# Lucid Dreaming > Attaining Lucidity > Wake Initiated Lucid Dreams (WILD) >  >  How can I keep my eyes closed when i wake up?

## LucasGrossmann

Does anyone have some tips on how to keep my eyes closed while waking up? I appreciate any help i get  :smiley: 

About 3 days ago i woke up in the middle of the night and i kept my eyes closed.
Just a few seconds later i saw a whole dreamlandscape building up and i could get right into it. This WILD lucid dream was very vivid and it was so easy to get in.

I tried to do that again last night but i just couldn't keep my eyes closed as i woke up. I didn't want to wake me up with my alarm clock because that would mess it up...
So i tried autosuggestion with the sentence "i will wake up after every REM cycle and let my eyes closed". I even woke up 4 times this night but i couldn't my eyes closed.

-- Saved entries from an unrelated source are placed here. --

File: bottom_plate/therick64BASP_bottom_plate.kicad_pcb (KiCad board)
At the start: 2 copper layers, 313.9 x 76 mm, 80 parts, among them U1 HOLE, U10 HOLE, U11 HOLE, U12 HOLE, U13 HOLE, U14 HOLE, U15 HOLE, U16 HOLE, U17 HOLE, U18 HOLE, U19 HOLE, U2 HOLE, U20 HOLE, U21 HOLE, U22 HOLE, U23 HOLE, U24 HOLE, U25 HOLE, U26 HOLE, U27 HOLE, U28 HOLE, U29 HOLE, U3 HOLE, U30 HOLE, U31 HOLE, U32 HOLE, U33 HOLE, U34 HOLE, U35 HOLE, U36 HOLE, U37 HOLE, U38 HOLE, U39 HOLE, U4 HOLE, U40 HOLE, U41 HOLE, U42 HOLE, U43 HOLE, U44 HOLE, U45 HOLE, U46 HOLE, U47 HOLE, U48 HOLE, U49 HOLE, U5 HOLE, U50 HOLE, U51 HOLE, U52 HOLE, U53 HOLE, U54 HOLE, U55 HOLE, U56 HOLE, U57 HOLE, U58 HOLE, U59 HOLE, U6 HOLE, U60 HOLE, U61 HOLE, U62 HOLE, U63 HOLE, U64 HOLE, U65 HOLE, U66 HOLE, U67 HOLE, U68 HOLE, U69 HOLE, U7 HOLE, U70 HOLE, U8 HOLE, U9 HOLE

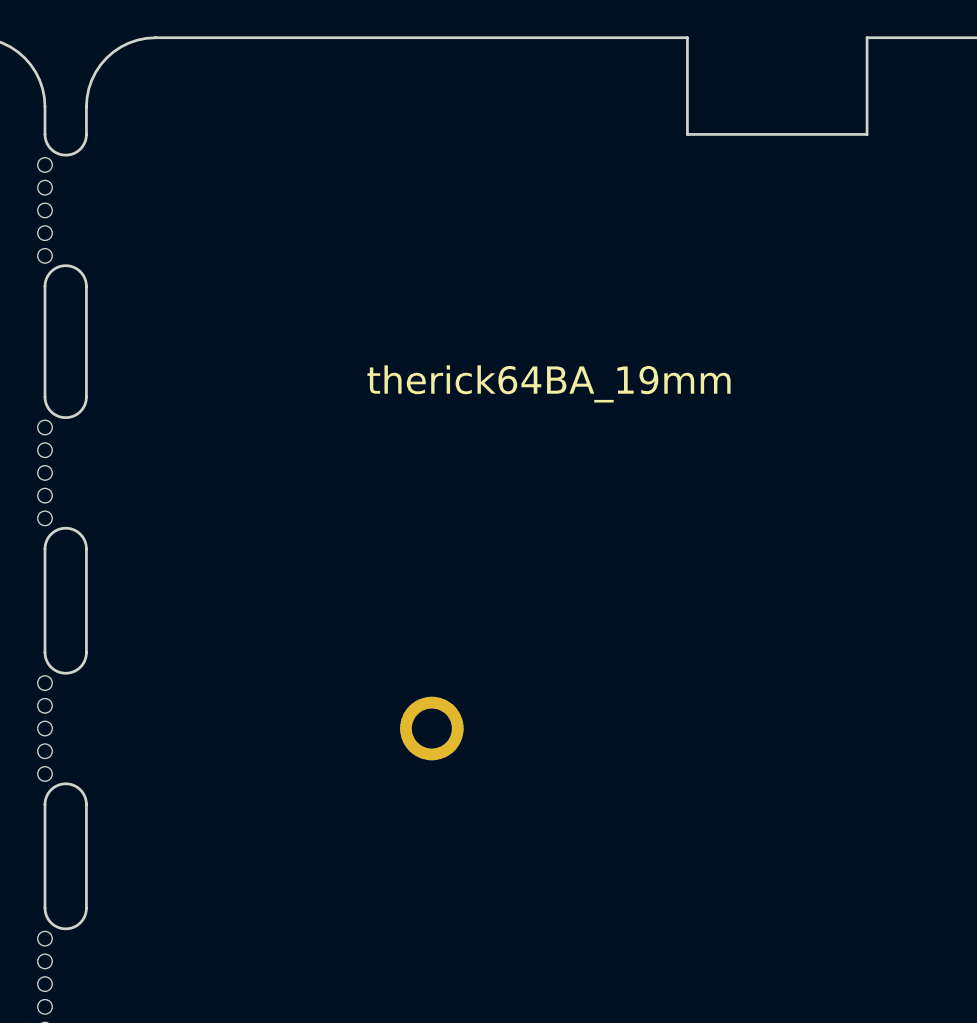
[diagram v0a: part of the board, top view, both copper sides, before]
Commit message: Changed pins to make routing cleaner
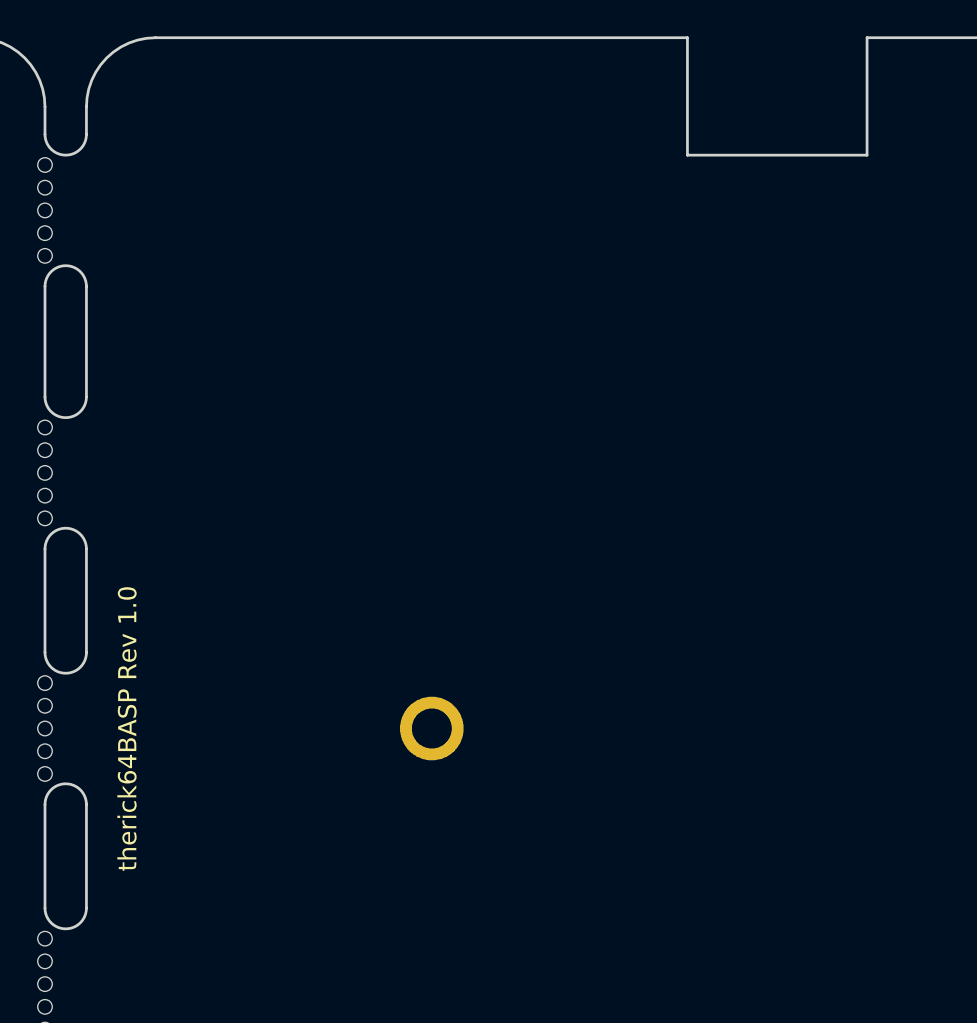
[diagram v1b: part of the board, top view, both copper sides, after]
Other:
- outline, holes or cut-outs redrawn
- board text added: "therick64BASP Rev 1.0"
- board text removed: "therick"
- board text removed: "therick64BA_19mm"
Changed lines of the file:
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@@
   (general
     (thickness 1.6)
-    (drawings 69)
+    (drawings 68)
     (tracks 0)
     (zones 0)
@@
     (solder_mask_min_width 0.25)
     (aux_axis_origin 160.3375 73.025)
-    (visible_elements 7FFFFFFF)
+    (visible_elements 7FFFEFFF)
     (pcbplotparams
       (layerselection 0x010fc_ffffffff)
@@
   )
   (gr_line (start 60.04 112.86) (end 60.04 44.46) (layer Edge.Cuts) (width 0.15))
-  (gr_text therick64BA_19mm (at 161.320286 59.548) (layer F.SilkS)
-    (effects (font (size 1.5 1.5) (thickness 0.2)) (justify left))
+  (gr_text "therick64BASP Rev 1.0" (at 148.19961 78.659793 90) (layer F.SilkS)
+    (effects (font (size 1 1) (thickness 0.15)))
   )
   (gr_arc (start 144.78 111.34) (end 145.92 111.34) (angle -180) (layer Edge.Cuts) (width 0.15))
@@
   (gr_arc (start 139.84 44.46) (end 143.64 44.46) (angle -90) (layer Edge.Cuts) (width 0.15))
   (gr_arc (start 139.84 112.86) (end 139.84 116.66) (angle -90) (layer Edge.Cuts) (width 0.15))
-  (gr_line (start 188.86 45.98) (end 188.86 40.66) (layer Edge.Cuts) (width 0.15))
-  (gr_line (start 178.98 45.98) (end 188.86 45.98) (layer Edge.Cuts) (width 0.15))
-  (gr_line (start 178.98 40.66) (end 178.98 45.98) (layer Edge.Cuts) (width 0.15))
+  (gr_line (start 188.86 47.119876) (end 188.86 40.66) (layer Edge.Cuts) (width 0.15))
+  (gr_line (start 178.979529 47.119876) (end 188.859529 47.119876) (layer Edge.Cuts) (width 0.15))
+  (gr_line (start 178.98 40.66) (end 178.98 47.119876) (layer Edge.Cuts) (width 0.15))
   (gr_line (start 149.72 116.66) (end 370.12 116.66) (layer Edge.Cuts) (width 0.15))
   (gr_line (start 149.72 40.66) (end 178.98 40.66) (layer Edge.Cuts) (width 0.15))
@@
   (gr_line (start 201.16 59.675) (end 204.335 59.675) (layer Dwgs.User) (width 0.15))
   (gr_line (start 202.7475 61.2625) (end 202.7475 57.29375) (layer Dwgs.User) (width 0.15))
-  (gr_text therick (at 317.68 115.174) (layer B.SilkS)
-    (effects (font (size 1.5 1.5) (thickness 0.2)) (justify left mirror))
-  )
 )

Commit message: Remapped ISP Flash, added mounting holes
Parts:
- added H11: MountingHole, random-keyboard-parts:Generic-Mounthole, F.Cu at (164.9, 97.7)
- added H12: MountingHole, random-keyboard-parts:Generic-Mounthole, F.Cu at (164.9, 59.7)
- added H13: MountingHole, random-keyboard-parts:Generic-Mounthole, F.Cu at (221.9, 59.7)
- added H14: MountingHole, random-keyboard-parts:Generic-Mounthole, F.Cu at (221.9, 97.7)
- added H15: MountingHole, random-keyboard-parts:Generic-Mounthole, F.Cu at (297.9, 59.7)
- added H16: MountingHole, random-keyboard-parts:Generic-Mounthole, F.Cu at (297.9, 97.7)
- added H17: MountingHole, random-keyboard-parts:Generic-Mounthole, F.Cu at (354.9, 59.7)
- added H18: MountingHole, random-keyboard-parts:Generic-Mounthole, F.Cu at (354.9, 97.7)
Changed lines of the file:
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@@
     (tracks 0)
     (zones 0)
-    (modules 80)
+    (modules 88)
     (nets 1)
   )
@@
     (uvia_drill 0.2)
   )
+  (module random-keyboard-parts:Generic-Mounthole (layer F.Cu)
+    (at 354.92 97.66)
+    (attr virtual)
+    (fp_text reference H18 (at 0 2) (layer Dwgs.User)
+      (effects (font (size 1 1) (thickness 0.15)))
+    )
+    (fp_text value MountingHole (at 0 -2) (layer Dwgs.User)
+      (effects (font (size 1 1) (thickness 0.15)))
+    )
+    (pad 1 thru_hole circle (at 0 0) (size 3.5 3.5) (drill 2.2) (layers *.Cu *.Mask))
+  )
+  (module random-keyboard-parts:Generic-Mounthole (layer F.Cu)
+    (at 354.92 59.66)
+    (attr virtual)
+    (fp_text reference H17 (at 0 2) (layer Dwgs.User)
+      (effects (font (size 1 1) (thickness 0.15)))
+    )
+    (fp_text value MountingHole (at 0 -2) (layer Dwgs.User)
+      (effects (font (size 1 1) (thickness 0.15)))
+    )
+    (pad 1 thru_hole circle (at 0 0) (size 3.5 3.5) (drill 2.2) (layers *.Cu *.Mask))
+  )
+  (module random-keyboard-parts:Generic-Mounthole (layer F.Cu)
+    (at 297.92 97.66)
+    (attr virtual)
+    (fp_text reference H16 (at 0 2) (layer Dwgs.User)
+      (effects (font (size 1 1) (thickness 0.15)))
+    )
+    (fp_text value MountingHole (at 0 -2) (layer Dwgs.User)
+      (effects (font (size 1 1) (thickness 0.15)))
+    )
+    (pad 1 thru_hole circle (at 0 0) (size 3.5 3.5) (drill 2.2) (layers *.Cu *.Mask))
+  )
+  (module random-keyboard-parts:Generic-Mounthole (layer F.Cu)
+    (at 297.92 59.66)
+    (attr virtual)
+    (fp_text reference H15 (at 0 2) (layer Dwgs.User)
+      (effects (font (size 1 1) (thickness 0.15)))
+    )
+    (fp_text value MountingHole (at 0 -2) (layer Dwgs.User)
+      (effects (font (size 1 1) (thickness 0.15)))
+    )
+    (pad 1 thru_hole circle (at 0 0) (size 3.5 3.5) (drill 2.2) (layers *.Cu *.Mask))
+  )
+  (module random-keyboard-parts:Generic-Mounthole (layer F.Cu)
+    (at 221.92 97.66)
+    (attr virtual)
+    (fp_text reference H14 (at 0 2) (layer Dwgs.User)
+      (effects (font (size 1 1) (thickness 0.15)))
+    )
+    (fp_text value MountingHole (at 0 -2) (layer Dwgs.User)
+      (effects (font (size 1 1) (thickness 0.15)))
+    )
+    (pad 1 thru_hole circle (at 0 0) (size 3.5 3.5) (drill 2.2) (layers *.Cu *.Mask))
+  )
+  (module random-keyboard-parts:Generic-Mounthole (layer F.Cu)
+    (at 221.92 59.66)
+    (attr virtual)
+    (fp_text reference H13 (at 0 2) (layer Dwgs.User)
+      (effects (font (size 1 1) (thickness 0.15)))
+    )
+    (fp_text value MountingHole (at 0 -2) (layer Dwgs.User)
+      (effects (font (size 1 1) (thickness 0.15)))
+    )
+    (pad 1 thru_hole circle (at 0 0) (size 3.5 3.5) (drill 2.2) (layers *.Cu *.Mask))
+  )
+  (module random-keyboard-parts:Generic-Mounthole (layer F.Cu)
+    (at 164.92 59.66)
+    (attr virtual)
+    (fp_text reference H12 (at 0 2) (layer Dwgs.User)
+      (effects (font (size 1 1) (thickness 0.15)))
+    )
+    (fp_text value MountingHole (at 0 -2) (layer Dwgs.User)
+      (effects (font (size 1 1) (thickness 0.15)))
+    )
+    (pad 1 thru_hole circle (at 0 0) (size 3.5 3.5) (drill 2.2) (layers *.Cu *.Mask))
+  )
+  (module random-keyboard-parts:Generic-Mounthole (layer F.Cu)
+    (at 164.92 97.66)
+    (attr virtual)
+    (fp_text reference H11 (at 0 2) (layer Dwgs.User)
+      (effects (font (size 1 1) (thickness 0.15)))
+    )
+    (fp_text value MountingHole (at 0 -2) (layer Dwgs.User)
+      (effects (font (size 1 1) (thickness 0.15)))
+    )
+    (pad 1 thru_hole circle (at 0 0) (size 3.5 3.5) (drill 2.2) (layers *.Cu *.Mask))
+  )
   (module Keeb_footprints:MX100_outline (layer F.Cu)

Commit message: Add reset hole
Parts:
- added H19: MountingHole, random-keyboard-parts:Generic-Mounthole, F.Cu at (202.9, 51.7)
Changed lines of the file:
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@@
     (tracks 0)
     (zones 0)
-    (modules 88)
+    (modules 89)
     (nets 1)
   )
@@
   )
   (module random-keyboard-parts:Generic-Mounthole (layer F.Cu)
+    (at 202.9073 51.68)
+    (attr virtual)
+    (fp_text reference H19 (at 0 2) (layer Dwgs.User)
+      (effects (font (size 1 1) (thickness 0.15)))
+    )
+    (fp_text value MountingHole (at 0 -2) (layer Dwgs.User)
+      (effects (font (size 1 1) (thickness 0.15)))
+    )
+    (pad 1 thru_hole circle (at 0 0) (size 3.5 3.5) (drill 2.2) (layers *.Cu *.Mask))
+  )
+  (module random-keyboard-parts:Generic-Mounthole (layer F.Cu)

Is it ok to wake up after the REM cycles or should i try to wake me up during a dream somehow?
And is there a specific trick not to open my eyes when i wake up?

Thanks for the help  :smiley:

----------


## TillyP

How cool!

Sounds like intention also works really well for you. 

We all wake at times through the night, just most of the time we don't remember.

What time did this happen?

 I imagine you woke during a non-lucid dream and then delivered yourself (accidently!) back to the dream scape with awareness due to your being aware enough of waking but not so aware that you opened you eyes. So all this can be made non-accidental and conscious with practice right? Have you heard of the DEILD (Dream Exit Induced Lucid Dream) ? It is a form of WILD and involves doing what you did with practice.

Most longer periods of REM sleep happens during the later hours of the night. So get a few hours sleep under your belt before intending to wake later in the night/v early morning. Or just set your intention even to wake while dreaming. The mind is amazing at what it can figure out through intention, even when unconscious (sometimes especially when unconscious) If this doesn't work though, don't be afraid to use an alarm...use a smart alarm or something gentle to wake you with ease and something that turns off after say 30 seconds, if you are a light sleeper.

And the question you asked, how to keep eyes closed. Intention again, but honestly don't panic. If when you wake briefly, you open your eyes, just calmly close them again and stay very still and relax and breathe ad enjoy that luscious state between wake and dream and allow yourself to sink back into those images therein.

Interested to know how you get on. Enjoy!!

----------